* Your instructions *
The answer must consist of every line below that contains the word "Transfer".

* Material for the task *
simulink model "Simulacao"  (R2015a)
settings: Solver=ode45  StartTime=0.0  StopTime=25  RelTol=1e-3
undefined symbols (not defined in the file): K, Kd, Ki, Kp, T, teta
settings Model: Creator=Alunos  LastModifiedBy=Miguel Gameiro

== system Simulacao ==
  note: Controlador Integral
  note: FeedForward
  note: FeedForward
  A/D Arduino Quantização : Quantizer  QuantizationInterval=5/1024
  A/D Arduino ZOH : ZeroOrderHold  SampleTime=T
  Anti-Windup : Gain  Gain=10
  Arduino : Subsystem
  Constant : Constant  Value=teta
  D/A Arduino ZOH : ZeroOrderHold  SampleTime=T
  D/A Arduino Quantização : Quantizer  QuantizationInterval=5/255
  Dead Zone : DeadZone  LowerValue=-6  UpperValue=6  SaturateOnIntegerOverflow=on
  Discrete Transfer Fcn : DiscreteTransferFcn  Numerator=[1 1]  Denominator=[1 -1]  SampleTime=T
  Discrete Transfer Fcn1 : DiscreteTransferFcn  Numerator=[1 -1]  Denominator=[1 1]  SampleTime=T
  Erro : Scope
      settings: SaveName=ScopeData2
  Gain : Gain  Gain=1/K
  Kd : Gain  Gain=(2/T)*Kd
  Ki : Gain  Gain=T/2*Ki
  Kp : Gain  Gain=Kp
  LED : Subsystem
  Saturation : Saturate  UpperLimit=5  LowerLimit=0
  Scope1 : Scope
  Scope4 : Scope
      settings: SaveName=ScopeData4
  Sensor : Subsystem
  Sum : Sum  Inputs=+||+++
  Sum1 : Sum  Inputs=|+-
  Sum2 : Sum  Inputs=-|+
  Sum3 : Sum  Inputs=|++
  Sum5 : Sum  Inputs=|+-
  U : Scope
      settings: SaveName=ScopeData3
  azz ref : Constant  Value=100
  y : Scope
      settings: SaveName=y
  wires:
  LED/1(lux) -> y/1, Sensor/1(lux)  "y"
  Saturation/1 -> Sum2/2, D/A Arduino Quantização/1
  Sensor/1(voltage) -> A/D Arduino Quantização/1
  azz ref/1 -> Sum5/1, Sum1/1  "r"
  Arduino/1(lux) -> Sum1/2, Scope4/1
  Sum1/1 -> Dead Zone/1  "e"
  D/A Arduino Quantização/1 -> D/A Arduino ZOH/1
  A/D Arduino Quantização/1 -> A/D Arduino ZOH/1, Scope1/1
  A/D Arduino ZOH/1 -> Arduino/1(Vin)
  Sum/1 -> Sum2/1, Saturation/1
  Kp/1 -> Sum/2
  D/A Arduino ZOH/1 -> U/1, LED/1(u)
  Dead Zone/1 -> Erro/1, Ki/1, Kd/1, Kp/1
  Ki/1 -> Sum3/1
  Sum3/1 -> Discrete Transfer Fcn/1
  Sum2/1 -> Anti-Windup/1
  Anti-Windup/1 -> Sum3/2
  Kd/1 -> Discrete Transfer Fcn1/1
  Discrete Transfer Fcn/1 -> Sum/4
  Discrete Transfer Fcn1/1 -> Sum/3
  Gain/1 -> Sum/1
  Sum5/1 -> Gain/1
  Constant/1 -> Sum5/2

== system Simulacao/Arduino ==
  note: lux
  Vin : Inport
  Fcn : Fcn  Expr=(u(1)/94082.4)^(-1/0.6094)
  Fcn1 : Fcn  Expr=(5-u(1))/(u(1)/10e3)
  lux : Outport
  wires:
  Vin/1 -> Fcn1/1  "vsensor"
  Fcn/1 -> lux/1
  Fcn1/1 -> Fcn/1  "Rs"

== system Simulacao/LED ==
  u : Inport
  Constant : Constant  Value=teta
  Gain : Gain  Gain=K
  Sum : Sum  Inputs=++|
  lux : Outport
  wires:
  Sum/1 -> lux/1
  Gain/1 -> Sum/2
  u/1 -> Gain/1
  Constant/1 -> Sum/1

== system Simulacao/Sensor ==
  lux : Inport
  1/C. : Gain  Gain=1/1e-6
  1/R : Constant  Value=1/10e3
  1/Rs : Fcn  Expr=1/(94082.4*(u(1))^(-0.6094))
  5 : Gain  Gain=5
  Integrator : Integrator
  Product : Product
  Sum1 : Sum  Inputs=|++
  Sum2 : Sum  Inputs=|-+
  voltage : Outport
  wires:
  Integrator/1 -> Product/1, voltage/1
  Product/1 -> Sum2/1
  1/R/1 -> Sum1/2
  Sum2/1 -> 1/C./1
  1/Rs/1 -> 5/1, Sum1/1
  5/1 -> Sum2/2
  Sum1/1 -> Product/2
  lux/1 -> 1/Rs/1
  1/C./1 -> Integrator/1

* Task response *
  Discrete Transfer Fcn : DiscreteTransferFcn  Numerator=[1 1]  Denominator=[1 -1]  SampleTime=T
  Discrete Transfer Fcn1 : DiscreteTransferFcn  Numerator=[1 -1]  Denominator=[1 1]  SampleTime=T
  Sum3/1 -> Discrete Transfer Fcn/1
  Kd/1 -> Discrete Transfer Fcn1/1
  Discrete Transfer Fcn/1 -> Sum/4
  Discrete Transfer Fcn1/1 -> Sum/3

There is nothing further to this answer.